- **What is required**:
Below are records; how many of their lines hold the string "perpendicular"? Reply with nothing but the number.

- **Input**:

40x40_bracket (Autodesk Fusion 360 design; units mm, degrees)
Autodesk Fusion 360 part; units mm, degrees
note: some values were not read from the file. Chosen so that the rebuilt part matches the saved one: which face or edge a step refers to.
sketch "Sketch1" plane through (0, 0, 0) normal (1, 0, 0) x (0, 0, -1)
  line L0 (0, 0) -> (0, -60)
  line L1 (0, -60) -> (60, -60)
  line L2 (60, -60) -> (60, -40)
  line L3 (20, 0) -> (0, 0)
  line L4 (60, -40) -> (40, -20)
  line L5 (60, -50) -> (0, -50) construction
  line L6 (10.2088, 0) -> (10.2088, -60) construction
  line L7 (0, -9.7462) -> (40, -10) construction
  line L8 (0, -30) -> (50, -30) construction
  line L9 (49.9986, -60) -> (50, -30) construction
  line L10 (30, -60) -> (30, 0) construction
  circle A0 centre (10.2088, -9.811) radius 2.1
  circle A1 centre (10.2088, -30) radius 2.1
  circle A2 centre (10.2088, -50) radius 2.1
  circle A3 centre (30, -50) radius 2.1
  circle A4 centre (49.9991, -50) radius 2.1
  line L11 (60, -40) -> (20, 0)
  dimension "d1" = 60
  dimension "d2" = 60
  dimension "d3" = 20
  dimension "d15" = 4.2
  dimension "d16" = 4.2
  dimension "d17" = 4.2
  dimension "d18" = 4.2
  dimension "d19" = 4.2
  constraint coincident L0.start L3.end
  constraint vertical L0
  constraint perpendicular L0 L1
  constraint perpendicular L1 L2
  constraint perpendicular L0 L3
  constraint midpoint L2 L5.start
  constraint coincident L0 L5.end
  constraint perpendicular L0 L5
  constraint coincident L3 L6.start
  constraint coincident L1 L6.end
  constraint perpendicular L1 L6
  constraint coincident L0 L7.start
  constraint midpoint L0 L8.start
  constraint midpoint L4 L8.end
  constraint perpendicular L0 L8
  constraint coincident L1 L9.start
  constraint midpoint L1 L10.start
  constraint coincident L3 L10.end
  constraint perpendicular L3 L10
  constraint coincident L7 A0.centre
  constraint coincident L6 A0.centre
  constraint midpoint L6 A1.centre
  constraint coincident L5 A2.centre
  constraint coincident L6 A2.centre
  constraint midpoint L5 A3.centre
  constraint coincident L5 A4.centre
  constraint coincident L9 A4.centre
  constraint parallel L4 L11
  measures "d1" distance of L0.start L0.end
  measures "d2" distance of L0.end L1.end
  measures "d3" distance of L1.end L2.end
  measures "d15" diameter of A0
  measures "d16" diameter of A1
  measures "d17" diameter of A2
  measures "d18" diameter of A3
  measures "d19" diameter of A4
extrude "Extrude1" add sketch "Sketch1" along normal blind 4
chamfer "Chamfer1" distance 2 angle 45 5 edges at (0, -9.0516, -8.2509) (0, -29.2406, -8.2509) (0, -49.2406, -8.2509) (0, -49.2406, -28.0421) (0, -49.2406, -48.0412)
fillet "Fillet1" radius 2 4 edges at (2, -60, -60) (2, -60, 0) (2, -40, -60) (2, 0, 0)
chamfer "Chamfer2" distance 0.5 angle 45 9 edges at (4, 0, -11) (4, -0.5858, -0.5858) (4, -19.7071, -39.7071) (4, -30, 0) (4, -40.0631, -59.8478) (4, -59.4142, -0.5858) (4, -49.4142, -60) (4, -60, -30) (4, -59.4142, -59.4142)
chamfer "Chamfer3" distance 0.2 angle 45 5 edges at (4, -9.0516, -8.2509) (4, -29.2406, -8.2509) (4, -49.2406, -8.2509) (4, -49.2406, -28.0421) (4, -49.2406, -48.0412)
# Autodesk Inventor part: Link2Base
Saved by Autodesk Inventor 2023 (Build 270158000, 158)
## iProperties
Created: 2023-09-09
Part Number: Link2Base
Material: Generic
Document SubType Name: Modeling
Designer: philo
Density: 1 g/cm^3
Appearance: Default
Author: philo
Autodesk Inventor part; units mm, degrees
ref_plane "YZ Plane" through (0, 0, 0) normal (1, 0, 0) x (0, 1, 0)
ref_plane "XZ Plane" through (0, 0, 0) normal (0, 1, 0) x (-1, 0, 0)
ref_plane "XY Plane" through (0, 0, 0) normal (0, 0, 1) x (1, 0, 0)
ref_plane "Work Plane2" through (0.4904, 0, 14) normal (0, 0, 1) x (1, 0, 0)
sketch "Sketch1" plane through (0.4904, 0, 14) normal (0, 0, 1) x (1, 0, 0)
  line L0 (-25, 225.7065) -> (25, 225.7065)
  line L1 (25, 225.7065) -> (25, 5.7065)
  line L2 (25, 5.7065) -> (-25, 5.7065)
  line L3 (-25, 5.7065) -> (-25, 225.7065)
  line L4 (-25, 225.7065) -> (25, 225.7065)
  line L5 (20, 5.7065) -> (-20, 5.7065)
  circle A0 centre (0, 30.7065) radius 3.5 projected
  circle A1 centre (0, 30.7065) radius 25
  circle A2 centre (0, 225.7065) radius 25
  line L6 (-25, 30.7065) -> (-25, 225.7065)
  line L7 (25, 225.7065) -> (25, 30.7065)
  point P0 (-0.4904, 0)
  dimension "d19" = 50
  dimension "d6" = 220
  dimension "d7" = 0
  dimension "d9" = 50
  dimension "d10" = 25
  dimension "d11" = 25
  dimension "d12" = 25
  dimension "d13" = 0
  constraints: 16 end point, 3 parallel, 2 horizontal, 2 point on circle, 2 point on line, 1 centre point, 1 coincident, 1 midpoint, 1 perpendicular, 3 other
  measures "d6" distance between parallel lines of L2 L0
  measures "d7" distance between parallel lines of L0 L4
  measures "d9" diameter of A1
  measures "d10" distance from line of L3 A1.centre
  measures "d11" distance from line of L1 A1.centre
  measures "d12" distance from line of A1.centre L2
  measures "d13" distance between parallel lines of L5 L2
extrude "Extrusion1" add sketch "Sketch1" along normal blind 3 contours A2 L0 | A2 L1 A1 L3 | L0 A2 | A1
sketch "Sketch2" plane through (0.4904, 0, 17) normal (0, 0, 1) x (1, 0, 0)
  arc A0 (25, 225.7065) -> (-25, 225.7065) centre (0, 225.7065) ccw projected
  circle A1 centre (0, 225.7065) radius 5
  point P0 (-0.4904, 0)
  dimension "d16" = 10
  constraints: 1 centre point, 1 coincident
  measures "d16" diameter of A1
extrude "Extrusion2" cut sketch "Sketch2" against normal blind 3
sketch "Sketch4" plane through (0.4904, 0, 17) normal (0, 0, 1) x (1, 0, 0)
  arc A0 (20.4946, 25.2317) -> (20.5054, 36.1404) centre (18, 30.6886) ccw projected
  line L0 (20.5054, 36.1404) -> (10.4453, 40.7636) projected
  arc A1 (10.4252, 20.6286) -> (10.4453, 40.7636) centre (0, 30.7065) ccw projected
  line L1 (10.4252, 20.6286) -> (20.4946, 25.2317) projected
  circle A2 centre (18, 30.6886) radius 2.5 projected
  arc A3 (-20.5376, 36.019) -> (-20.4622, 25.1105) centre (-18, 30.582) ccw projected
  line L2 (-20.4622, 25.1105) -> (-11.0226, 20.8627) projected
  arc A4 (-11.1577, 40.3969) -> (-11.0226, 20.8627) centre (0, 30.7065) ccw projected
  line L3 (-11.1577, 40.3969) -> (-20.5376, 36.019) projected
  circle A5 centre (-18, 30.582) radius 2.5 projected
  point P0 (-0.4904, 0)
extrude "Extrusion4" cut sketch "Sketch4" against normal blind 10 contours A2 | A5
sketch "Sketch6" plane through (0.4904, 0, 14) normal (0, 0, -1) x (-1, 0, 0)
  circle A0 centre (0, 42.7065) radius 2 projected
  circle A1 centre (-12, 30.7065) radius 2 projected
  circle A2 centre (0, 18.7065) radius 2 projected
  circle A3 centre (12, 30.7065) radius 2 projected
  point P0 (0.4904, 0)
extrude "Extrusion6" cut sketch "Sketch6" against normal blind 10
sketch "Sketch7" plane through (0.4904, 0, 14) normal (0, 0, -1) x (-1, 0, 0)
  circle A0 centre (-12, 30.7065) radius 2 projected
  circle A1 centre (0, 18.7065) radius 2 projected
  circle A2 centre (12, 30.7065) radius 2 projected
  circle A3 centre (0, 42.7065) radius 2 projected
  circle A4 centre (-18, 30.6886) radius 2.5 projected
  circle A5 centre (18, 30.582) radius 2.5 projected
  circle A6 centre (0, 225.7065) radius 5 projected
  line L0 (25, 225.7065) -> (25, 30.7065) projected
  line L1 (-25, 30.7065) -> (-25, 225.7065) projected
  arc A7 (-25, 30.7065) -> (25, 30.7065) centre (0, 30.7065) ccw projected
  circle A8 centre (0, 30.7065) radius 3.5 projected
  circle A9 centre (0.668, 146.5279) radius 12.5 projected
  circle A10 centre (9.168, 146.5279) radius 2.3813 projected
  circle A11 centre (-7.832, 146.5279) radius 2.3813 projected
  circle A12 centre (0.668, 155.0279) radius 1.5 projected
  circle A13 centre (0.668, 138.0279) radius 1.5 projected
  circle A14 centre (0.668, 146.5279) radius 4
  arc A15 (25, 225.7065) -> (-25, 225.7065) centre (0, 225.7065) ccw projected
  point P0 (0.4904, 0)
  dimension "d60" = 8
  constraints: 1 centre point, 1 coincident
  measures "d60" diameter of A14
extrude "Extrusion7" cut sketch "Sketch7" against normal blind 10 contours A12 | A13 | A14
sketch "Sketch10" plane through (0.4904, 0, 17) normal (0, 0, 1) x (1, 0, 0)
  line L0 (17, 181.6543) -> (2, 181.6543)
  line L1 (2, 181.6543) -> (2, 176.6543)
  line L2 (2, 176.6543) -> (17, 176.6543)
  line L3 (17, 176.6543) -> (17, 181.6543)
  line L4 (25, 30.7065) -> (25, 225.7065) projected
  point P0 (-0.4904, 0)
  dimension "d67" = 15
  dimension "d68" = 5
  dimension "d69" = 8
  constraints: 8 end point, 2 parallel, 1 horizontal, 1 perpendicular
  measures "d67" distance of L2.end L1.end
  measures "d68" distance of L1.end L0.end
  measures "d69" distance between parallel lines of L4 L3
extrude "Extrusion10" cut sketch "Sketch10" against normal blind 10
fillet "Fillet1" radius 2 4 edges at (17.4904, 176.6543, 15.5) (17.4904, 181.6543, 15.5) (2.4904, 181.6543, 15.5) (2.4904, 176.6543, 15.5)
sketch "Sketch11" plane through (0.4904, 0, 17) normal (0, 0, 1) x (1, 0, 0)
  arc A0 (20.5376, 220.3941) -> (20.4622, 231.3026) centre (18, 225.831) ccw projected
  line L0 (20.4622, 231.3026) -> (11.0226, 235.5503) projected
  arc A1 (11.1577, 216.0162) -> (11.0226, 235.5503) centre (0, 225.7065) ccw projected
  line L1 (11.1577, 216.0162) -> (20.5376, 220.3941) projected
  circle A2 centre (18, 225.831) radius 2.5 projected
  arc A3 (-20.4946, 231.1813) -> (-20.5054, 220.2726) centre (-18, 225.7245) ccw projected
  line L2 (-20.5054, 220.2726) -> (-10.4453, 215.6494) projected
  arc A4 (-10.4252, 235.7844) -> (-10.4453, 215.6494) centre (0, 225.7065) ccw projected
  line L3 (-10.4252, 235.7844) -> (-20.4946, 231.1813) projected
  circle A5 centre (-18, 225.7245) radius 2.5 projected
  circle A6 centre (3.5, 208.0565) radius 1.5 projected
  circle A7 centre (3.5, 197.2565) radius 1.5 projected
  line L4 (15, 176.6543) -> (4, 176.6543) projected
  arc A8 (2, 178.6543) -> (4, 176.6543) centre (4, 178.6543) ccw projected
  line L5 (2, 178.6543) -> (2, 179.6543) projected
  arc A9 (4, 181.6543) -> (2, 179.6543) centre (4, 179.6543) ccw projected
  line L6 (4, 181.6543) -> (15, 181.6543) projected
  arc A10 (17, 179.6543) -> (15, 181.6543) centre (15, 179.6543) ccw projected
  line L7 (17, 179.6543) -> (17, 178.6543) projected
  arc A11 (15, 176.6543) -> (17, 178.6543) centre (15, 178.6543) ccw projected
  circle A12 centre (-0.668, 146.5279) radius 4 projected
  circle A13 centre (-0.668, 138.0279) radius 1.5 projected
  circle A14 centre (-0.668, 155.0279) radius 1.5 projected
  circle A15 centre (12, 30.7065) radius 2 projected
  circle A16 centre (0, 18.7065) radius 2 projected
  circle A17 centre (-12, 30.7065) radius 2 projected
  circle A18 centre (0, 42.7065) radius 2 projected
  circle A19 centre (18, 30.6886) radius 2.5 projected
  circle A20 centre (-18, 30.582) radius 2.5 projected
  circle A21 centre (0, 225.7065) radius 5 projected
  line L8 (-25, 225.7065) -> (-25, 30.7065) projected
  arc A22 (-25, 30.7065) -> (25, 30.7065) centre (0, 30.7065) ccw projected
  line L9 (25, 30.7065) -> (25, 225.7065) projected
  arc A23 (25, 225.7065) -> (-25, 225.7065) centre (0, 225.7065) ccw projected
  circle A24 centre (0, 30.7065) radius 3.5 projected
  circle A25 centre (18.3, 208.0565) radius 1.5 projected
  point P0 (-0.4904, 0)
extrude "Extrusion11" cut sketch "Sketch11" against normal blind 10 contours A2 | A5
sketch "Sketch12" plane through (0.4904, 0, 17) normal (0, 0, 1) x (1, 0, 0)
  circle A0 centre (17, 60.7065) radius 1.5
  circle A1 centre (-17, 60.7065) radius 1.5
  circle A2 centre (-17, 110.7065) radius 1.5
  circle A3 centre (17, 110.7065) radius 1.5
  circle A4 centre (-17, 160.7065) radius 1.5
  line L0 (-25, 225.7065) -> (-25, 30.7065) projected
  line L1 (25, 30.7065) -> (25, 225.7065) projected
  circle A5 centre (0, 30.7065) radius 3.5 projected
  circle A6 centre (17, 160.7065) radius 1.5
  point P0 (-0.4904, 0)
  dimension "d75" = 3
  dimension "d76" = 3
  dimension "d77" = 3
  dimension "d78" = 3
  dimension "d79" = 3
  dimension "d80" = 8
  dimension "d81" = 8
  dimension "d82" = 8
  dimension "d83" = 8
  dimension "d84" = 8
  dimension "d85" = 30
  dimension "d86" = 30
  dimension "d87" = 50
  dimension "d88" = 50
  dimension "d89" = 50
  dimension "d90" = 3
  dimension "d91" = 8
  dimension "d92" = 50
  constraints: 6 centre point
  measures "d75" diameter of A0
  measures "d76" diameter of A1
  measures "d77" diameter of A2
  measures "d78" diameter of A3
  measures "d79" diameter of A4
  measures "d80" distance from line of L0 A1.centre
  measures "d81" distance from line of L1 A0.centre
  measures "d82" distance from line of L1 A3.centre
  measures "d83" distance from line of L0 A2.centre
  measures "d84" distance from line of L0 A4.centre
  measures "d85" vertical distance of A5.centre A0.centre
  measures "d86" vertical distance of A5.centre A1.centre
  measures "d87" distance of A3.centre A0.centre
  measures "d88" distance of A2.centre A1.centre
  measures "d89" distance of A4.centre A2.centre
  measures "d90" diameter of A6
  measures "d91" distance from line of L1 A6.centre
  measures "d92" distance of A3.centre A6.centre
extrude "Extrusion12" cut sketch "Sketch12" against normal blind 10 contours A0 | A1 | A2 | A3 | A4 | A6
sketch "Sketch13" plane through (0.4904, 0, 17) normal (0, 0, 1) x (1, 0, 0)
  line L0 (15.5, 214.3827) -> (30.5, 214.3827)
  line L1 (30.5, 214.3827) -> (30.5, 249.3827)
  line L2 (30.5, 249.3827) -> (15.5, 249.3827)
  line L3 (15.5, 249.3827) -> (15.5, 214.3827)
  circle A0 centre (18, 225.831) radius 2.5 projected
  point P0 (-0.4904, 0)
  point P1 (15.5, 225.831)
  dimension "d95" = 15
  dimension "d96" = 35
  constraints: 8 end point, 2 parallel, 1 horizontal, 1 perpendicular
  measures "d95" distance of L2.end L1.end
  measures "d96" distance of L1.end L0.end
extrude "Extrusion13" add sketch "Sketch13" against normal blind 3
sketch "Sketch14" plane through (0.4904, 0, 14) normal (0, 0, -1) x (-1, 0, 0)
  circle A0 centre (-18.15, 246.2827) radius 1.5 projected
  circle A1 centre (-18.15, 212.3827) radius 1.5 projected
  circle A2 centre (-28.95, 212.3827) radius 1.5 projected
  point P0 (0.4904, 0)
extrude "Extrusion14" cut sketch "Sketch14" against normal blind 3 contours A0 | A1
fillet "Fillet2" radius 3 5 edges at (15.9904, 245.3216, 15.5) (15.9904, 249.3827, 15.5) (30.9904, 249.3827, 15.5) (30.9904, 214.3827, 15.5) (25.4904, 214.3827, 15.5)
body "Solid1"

- **Completed exercise**:
10